Why is the decay of a neutral $\rho$ meson into two neutral pions forbidden?

Question

Why is the decay of a neutral $\rho$ meson into two neutral pions forbidden? (Other modes of decay are possible though.) Is it something with conservation of isospin symmetry or something else? Please explain in a bit more detail.

Answer 1

As far as I understand, due to conservation of angular momentum, the resulting system of neutral pions would need to have angular momentum 1, therefore, the identical neutral pions would be in an anti-symmetric state, which does not seem possible as they are bosons. Note that a neutral rho meson can decay into two neutral pions and a $\gamma$, although this decay is suppressed.

Answer 2

If we look at isospin, $\rho = |1,0\rangle$ and $\pi^0= |1,0\rangle$.

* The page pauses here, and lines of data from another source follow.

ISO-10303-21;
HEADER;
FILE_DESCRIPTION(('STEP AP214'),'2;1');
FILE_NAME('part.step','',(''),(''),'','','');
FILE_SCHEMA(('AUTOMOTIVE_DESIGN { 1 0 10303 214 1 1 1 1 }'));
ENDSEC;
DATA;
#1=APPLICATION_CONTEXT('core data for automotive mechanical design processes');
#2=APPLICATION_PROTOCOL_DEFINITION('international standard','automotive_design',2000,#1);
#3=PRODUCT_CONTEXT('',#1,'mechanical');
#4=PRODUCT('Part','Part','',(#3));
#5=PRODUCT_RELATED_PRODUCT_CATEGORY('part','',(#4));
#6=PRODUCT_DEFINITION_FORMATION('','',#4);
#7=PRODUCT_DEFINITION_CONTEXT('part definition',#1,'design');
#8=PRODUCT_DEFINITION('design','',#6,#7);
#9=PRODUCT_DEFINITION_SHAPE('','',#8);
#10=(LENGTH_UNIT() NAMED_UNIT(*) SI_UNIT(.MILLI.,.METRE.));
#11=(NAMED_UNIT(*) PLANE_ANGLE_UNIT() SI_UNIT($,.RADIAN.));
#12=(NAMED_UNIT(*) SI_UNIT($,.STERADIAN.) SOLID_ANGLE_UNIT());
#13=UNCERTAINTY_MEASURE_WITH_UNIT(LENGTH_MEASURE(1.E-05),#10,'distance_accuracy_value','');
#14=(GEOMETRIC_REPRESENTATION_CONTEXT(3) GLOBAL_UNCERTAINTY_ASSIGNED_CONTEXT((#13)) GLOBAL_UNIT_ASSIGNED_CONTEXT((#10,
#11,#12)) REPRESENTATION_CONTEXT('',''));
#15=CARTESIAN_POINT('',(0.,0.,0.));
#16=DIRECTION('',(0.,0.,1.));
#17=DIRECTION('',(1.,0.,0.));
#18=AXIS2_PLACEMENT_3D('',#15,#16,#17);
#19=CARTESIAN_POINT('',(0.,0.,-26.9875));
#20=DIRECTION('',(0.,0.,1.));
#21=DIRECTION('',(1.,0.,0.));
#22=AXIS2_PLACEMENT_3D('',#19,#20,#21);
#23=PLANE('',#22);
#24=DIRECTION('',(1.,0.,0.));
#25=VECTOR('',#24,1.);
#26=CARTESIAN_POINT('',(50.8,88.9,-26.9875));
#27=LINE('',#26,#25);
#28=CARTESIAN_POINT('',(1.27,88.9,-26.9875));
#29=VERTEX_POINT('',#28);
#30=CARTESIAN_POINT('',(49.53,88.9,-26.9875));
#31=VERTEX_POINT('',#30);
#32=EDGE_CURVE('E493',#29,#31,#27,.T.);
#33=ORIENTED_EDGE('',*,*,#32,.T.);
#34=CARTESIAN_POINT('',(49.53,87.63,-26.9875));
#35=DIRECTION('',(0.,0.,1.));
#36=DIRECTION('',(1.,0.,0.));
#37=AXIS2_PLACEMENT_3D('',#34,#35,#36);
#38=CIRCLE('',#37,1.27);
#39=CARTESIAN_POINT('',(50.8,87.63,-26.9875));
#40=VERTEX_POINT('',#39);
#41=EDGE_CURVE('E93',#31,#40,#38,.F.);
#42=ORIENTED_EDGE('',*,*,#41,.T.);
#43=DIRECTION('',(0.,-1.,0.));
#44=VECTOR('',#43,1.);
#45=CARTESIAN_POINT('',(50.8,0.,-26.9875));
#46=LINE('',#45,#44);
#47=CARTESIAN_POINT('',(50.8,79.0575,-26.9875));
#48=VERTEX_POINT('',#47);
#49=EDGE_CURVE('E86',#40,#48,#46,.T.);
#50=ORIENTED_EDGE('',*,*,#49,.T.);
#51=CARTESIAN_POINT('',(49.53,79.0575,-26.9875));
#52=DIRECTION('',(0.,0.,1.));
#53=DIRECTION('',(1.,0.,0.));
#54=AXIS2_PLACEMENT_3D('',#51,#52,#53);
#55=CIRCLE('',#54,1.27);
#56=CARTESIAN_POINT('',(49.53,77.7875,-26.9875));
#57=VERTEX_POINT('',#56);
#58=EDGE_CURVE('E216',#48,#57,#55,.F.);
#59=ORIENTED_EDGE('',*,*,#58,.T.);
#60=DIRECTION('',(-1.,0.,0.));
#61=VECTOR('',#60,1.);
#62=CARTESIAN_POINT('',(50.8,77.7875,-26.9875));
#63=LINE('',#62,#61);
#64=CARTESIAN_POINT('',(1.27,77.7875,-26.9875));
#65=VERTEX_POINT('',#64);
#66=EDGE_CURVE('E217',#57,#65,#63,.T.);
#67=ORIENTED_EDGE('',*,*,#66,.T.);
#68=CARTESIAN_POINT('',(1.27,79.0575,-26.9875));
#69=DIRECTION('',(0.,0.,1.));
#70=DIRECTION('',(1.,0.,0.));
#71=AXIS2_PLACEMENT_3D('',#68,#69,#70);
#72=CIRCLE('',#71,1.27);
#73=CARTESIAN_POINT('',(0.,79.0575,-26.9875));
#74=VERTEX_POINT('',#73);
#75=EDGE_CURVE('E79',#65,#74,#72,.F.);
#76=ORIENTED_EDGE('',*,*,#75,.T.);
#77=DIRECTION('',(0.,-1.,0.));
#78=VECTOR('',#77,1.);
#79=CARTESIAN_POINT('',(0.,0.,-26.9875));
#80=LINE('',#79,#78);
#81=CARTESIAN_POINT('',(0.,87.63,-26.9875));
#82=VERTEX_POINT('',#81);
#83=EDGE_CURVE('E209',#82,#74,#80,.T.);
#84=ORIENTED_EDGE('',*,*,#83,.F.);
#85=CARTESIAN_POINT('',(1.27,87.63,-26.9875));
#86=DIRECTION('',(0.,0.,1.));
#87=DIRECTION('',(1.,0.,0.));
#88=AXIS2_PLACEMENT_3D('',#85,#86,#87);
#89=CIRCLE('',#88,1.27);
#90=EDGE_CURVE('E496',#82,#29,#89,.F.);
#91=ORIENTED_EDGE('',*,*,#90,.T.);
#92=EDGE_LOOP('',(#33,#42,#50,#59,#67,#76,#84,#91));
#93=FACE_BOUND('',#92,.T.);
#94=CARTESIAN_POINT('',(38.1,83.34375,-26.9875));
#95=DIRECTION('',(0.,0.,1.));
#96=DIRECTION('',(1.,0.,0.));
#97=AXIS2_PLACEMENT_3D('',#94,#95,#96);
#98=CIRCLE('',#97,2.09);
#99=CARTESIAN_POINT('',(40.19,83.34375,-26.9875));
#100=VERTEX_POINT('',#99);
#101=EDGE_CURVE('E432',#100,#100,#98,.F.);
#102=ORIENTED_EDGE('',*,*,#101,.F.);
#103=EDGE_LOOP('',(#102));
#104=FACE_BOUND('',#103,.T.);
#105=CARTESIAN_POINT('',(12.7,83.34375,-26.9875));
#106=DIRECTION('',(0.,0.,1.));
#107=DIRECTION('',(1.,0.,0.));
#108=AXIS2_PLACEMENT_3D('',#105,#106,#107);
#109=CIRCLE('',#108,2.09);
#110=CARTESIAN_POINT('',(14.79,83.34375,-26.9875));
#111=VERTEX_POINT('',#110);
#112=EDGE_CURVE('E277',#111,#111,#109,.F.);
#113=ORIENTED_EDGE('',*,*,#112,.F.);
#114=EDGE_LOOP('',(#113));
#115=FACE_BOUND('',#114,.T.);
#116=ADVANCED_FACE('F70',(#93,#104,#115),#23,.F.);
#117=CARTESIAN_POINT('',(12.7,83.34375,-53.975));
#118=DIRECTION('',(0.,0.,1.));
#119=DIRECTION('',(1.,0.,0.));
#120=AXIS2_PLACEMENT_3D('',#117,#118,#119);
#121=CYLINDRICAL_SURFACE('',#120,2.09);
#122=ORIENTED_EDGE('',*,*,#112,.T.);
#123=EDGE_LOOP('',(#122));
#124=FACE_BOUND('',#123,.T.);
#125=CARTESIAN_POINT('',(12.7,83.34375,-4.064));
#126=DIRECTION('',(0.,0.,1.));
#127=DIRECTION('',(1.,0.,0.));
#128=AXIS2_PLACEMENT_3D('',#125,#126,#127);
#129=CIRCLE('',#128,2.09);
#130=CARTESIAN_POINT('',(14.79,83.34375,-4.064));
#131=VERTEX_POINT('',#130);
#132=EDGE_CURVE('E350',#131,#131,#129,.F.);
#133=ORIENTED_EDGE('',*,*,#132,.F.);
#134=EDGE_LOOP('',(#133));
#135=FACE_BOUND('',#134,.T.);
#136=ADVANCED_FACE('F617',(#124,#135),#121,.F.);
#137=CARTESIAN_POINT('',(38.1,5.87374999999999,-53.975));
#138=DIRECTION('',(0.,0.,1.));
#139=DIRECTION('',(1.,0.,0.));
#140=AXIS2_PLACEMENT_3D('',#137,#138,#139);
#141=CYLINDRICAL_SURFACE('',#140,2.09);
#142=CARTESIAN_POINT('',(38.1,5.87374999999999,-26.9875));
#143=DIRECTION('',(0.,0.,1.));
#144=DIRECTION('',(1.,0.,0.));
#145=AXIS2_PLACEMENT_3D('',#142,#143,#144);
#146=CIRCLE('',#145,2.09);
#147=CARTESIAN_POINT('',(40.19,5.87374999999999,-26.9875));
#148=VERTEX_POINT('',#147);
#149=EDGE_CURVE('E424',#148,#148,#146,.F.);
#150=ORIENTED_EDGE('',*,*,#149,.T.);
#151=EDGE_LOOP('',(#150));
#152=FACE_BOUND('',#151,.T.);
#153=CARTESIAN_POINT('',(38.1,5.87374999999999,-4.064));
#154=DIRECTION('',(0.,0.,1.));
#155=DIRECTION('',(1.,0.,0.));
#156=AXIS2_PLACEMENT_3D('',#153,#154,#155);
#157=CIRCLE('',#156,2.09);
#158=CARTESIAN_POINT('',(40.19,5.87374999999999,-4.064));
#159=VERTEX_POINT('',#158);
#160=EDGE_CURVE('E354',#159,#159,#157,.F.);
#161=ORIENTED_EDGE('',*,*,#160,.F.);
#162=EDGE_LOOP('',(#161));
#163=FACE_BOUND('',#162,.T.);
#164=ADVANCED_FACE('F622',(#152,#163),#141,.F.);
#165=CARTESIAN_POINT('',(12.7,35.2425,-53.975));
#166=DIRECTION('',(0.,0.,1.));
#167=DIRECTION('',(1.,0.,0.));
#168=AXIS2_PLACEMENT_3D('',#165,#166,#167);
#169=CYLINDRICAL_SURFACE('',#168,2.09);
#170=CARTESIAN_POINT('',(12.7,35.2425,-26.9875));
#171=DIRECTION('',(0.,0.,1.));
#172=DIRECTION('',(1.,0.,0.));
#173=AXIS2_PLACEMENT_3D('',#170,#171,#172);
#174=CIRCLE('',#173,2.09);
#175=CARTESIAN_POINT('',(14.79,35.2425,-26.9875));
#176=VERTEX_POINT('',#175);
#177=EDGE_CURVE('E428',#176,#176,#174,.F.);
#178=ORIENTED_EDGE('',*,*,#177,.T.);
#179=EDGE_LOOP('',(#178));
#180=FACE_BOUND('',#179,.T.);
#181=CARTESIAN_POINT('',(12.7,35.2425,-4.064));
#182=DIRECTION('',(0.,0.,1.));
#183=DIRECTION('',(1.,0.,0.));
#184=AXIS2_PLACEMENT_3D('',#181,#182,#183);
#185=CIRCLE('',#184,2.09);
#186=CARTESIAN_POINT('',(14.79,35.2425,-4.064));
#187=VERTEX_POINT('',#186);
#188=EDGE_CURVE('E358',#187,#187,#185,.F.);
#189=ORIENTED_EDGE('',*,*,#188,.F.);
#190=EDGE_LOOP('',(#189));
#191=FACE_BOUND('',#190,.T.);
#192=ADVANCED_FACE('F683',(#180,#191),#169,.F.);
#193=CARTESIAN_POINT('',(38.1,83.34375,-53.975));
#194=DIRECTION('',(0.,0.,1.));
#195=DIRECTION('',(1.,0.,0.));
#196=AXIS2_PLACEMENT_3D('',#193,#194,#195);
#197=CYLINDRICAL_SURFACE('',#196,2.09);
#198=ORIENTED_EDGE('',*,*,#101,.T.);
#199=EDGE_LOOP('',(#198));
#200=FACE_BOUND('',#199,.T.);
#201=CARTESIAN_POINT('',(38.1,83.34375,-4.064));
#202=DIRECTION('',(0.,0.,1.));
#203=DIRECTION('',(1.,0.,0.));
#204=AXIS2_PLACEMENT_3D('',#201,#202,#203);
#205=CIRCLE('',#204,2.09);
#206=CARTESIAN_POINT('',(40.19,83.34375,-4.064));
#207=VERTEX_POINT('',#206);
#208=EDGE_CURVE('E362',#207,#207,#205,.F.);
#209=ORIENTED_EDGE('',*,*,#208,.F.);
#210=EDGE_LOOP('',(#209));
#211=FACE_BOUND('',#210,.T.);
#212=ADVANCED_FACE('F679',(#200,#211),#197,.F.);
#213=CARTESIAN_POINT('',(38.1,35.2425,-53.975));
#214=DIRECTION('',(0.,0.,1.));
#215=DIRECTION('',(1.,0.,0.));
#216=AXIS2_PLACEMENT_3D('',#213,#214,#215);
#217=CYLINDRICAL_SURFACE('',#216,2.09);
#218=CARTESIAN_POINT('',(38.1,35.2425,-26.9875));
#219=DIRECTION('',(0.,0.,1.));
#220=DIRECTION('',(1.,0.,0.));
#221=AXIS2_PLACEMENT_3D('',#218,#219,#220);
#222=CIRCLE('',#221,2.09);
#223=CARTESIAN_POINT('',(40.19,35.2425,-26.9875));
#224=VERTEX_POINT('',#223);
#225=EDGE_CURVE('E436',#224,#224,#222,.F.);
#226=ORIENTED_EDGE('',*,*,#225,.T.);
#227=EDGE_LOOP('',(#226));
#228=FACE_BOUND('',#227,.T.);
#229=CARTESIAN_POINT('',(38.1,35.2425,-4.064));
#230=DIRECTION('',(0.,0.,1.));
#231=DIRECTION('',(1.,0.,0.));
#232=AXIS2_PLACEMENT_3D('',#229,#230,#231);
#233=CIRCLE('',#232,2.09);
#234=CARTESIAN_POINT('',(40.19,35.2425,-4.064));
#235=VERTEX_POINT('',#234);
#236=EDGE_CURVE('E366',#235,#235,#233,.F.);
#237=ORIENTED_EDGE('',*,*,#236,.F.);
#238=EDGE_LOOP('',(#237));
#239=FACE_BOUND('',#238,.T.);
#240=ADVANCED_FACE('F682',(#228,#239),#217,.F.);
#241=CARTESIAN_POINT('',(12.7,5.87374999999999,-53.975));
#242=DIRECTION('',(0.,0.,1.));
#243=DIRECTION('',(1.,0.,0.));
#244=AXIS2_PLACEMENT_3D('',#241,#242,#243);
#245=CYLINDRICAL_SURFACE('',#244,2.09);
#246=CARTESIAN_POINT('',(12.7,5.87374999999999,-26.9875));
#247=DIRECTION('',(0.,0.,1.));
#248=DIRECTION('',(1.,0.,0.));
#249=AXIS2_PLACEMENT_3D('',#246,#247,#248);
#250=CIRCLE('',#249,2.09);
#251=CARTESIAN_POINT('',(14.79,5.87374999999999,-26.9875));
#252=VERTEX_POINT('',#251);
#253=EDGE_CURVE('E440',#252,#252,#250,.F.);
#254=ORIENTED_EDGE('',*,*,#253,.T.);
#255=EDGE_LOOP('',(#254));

Since SU(2) isospin is a really good symmetry in strong interactions, it must be conserved. Looking at the isospin of the final state:

\begin{equation} |1,0\rangle \otimes |1,0\rangle = \sqrt{\frac{2}{3}} |2,0\rangle + 0 |1,0\rangle - \sqrt{\frac{1}{3}} |0,0\rangle \end{equation}

That is, there is no $|1,0\rangle$ component in the final state, and therefore the process is not allowed by SU(2) isospin symmetry.

Answer 3

$$ \rho^0 \longrightarrow \pi^0 \pi^0 $$ The parity af $\rho^0$ and $\pi^{0}$ are $$ \begin{aligned} & P_{\rho^0}=(-1)(+1)(-1)^0=-1 \\ & P_{\pi^0}=(-1)(+1)(-1)^0=-1 \end{aligned} $$ Due to conservation of parity in strong interactions, we require $$ P_{\rho^0}=P_{\pi^0} \cdot P_{\pi^0} \cdot(-1)^2 $$ which means the orbital angular momentuen of the final state is $L=1$. Due to conservation of total angular momentum, the total angular momentum of the final state must be equal to the total angular momentum of the initial $\rho_0$ $$ J=J_{\rho^0}=1 $$ Since $\pi^{0}$ are bosons so we require the total wavefunction to be symmetric. $L=1$ means the spacial part is anti-symmetric. so the spin part has to be anti-symmetric, which is impossible for two spin-0 sion.

Answer 4

Clebsch-Gordan isospin rule suggest decay of I=1,Iz=0 particle into two I=1,Iz=0 products has zero coefficients of Clebsch-Gordan [1x1].

Answer 5

The charge conjugation symmetry is conserved in the strong interaction. In the above decay mode, neutral rho meson decay into two neutral Pion, neutral rho meson has -1 and neutral Pion has +1 for C such that decay violates C symmetry. Therefore it is forbidden.